Task objective
How many lines in the records below contain the word "CityJSON"? Reply with that number only.

Data for processing
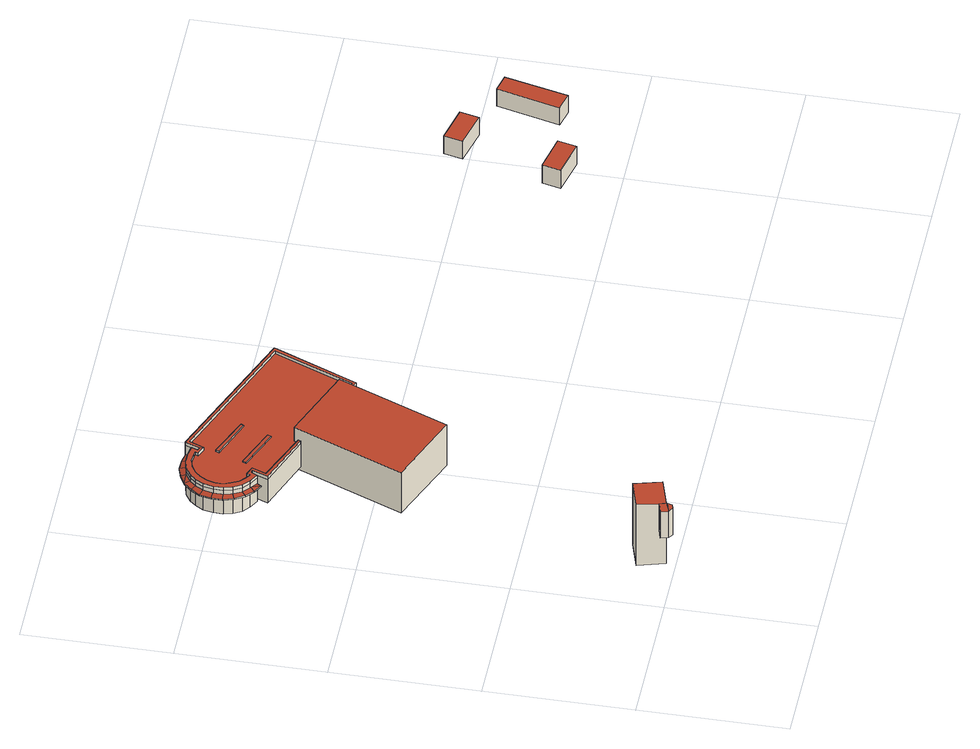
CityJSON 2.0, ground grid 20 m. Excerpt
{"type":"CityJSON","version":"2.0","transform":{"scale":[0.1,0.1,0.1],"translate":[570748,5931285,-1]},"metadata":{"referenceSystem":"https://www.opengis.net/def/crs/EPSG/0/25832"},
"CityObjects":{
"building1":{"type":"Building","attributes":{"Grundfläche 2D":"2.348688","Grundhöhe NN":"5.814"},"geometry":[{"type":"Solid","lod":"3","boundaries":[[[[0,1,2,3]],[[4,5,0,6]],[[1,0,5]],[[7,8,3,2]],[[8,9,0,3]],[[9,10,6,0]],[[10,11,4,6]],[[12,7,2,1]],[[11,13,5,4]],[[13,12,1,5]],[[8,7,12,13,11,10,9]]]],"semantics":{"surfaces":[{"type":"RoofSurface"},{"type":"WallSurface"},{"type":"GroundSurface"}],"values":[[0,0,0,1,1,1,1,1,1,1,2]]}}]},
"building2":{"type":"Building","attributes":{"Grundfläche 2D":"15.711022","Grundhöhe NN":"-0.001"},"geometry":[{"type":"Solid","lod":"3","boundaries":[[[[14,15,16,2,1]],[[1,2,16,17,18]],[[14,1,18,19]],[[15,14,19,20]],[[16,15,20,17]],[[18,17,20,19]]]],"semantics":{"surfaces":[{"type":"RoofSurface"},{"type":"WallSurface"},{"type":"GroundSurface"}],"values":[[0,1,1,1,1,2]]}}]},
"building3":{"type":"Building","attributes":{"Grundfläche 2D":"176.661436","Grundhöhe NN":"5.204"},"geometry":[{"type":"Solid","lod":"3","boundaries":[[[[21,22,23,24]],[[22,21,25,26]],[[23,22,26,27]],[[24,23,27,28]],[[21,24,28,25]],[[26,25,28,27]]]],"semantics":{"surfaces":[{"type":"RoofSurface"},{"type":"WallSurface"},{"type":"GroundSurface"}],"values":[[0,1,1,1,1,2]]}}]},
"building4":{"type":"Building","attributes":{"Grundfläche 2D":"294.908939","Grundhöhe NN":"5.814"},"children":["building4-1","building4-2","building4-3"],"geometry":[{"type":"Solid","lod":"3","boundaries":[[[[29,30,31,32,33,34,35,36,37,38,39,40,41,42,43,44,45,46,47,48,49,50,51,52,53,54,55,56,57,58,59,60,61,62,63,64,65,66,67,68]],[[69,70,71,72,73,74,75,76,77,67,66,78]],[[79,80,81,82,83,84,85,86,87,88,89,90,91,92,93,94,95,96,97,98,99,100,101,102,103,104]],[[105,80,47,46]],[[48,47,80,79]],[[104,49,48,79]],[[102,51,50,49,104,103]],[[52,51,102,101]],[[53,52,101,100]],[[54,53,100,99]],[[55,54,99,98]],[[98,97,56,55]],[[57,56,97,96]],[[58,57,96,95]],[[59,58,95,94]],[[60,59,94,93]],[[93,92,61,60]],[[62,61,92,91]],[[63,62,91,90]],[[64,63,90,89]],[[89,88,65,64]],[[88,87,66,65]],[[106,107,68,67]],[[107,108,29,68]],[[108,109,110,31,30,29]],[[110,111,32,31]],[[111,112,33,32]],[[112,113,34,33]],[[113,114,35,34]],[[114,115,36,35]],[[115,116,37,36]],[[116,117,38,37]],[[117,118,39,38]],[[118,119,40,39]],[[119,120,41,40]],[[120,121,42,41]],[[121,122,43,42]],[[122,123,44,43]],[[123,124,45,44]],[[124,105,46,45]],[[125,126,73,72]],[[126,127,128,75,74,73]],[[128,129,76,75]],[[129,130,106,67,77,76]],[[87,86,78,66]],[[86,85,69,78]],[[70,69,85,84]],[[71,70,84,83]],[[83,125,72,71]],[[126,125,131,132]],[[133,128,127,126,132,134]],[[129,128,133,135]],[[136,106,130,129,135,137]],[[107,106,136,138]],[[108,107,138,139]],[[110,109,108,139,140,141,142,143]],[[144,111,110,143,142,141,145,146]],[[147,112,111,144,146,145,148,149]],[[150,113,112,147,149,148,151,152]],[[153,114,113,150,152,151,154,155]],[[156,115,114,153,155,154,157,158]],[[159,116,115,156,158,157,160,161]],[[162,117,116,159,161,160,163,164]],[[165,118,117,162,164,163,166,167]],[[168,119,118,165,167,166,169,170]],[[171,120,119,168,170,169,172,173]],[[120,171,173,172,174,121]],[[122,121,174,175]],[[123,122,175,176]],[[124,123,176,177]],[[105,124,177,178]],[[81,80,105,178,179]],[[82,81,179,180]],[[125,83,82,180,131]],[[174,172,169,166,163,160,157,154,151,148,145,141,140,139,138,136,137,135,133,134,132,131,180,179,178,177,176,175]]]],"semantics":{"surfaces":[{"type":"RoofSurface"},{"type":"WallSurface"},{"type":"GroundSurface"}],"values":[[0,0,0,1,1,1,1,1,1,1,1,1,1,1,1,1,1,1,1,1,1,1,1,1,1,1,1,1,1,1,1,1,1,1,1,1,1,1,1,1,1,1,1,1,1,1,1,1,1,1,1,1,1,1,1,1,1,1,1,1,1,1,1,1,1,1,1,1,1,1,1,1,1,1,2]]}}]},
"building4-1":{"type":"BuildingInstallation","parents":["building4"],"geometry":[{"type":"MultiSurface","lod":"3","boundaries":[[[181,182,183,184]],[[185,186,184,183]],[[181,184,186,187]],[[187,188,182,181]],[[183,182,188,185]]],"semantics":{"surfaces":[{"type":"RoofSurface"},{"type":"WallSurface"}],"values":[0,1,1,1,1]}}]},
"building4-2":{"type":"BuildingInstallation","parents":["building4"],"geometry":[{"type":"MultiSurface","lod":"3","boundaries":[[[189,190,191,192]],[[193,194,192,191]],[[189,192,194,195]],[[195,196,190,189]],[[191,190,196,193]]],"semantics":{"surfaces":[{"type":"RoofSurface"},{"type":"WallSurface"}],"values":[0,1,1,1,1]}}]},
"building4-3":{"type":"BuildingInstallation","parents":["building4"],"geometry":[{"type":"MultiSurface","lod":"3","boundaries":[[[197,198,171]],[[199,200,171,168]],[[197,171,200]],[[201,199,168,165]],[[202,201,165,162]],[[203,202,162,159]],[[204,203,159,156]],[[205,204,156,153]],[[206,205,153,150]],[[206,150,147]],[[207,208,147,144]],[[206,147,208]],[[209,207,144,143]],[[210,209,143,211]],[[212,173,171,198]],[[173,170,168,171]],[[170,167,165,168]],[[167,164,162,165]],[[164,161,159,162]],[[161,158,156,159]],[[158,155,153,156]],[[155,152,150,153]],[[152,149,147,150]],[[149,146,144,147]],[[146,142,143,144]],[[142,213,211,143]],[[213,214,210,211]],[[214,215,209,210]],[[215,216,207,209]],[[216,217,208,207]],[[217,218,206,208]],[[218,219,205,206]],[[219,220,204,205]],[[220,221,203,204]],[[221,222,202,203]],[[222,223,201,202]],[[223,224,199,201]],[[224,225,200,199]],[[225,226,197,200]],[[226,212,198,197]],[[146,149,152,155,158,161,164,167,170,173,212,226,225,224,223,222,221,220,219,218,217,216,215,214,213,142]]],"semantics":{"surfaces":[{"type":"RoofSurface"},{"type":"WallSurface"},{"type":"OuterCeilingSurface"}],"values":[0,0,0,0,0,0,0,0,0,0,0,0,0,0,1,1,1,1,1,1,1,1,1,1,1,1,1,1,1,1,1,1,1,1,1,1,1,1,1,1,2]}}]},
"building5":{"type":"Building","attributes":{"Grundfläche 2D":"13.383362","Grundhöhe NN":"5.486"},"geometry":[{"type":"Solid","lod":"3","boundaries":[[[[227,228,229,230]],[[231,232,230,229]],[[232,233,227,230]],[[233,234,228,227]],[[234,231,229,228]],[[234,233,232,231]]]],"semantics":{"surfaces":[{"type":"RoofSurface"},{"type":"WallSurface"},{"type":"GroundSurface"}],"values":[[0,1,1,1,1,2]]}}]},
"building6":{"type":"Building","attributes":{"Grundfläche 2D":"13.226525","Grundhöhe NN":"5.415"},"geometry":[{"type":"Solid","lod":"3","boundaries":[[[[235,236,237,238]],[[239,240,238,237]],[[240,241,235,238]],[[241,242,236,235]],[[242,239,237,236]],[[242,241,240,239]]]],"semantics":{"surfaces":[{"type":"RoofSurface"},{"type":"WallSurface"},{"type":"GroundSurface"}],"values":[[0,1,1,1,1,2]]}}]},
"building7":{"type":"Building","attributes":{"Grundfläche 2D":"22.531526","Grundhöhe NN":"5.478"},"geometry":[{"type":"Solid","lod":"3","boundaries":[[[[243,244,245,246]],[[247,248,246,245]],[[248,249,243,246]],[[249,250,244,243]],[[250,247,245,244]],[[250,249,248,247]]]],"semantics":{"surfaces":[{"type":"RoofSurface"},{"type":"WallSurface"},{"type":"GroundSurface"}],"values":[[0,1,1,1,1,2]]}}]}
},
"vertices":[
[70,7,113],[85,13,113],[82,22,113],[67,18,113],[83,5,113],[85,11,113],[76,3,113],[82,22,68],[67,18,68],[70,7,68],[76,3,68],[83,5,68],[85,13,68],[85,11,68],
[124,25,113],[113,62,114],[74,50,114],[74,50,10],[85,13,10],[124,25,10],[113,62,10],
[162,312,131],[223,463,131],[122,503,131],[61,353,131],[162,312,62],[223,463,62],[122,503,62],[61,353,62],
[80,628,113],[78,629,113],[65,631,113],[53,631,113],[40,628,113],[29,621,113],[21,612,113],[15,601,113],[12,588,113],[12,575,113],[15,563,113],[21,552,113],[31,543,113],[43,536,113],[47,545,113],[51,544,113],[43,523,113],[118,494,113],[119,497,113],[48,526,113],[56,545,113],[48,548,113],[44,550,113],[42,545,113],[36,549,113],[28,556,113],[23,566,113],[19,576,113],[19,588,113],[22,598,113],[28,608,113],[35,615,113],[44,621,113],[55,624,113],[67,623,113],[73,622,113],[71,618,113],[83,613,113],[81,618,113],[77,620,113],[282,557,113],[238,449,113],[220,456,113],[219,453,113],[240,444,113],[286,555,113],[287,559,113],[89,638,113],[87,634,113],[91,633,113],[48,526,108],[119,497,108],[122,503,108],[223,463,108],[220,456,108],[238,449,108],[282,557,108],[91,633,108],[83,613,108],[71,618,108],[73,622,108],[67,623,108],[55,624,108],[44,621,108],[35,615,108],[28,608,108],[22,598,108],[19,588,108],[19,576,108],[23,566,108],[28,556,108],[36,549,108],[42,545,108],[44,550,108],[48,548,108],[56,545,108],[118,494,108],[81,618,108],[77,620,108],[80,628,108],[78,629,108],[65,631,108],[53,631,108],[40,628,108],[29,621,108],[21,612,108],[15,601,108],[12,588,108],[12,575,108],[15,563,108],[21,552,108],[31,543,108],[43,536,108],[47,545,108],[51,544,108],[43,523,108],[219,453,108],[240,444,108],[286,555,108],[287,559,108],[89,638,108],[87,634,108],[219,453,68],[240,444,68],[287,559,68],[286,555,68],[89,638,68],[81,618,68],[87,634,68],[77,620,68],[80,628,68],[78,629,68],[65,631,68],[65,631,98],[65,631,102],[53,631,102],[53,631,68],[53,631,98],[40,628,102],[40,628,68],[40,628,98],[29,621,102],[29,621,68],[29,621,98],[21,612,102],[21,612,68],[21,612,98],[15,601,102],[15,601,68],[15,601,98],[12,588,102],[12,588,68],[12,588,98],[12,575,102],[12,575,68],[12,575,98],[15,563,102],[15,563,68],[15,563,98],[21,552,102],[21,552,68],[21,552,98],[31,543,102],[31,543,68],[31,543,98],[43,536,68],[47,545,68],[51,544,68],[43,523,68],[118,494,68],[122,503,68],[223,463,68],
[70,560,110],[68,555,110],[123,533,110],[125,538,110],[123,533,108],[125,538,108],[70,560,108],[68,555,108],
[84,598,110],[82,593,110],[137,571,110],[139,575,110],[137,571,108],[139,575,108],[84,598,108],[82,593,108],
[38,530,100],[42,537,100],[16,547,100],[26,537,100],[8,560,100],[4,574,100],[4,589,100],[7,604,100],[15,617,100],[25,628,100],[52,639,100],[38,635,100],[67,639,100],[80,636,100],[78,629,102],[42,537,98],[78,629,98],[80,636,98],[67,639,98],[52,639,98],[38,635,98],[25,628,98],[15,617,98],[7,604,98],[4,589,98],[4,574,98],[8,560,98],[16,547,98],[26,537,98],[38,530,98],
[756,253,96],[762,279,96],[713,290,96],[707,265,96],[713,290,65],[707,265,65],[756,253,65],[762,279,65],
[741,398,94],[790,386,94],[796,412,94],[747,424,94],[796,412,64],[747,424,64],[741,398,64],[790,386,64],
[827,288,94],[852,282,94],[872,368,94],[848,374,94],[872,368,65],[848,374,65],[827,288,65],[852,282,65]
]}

Finished exercise
2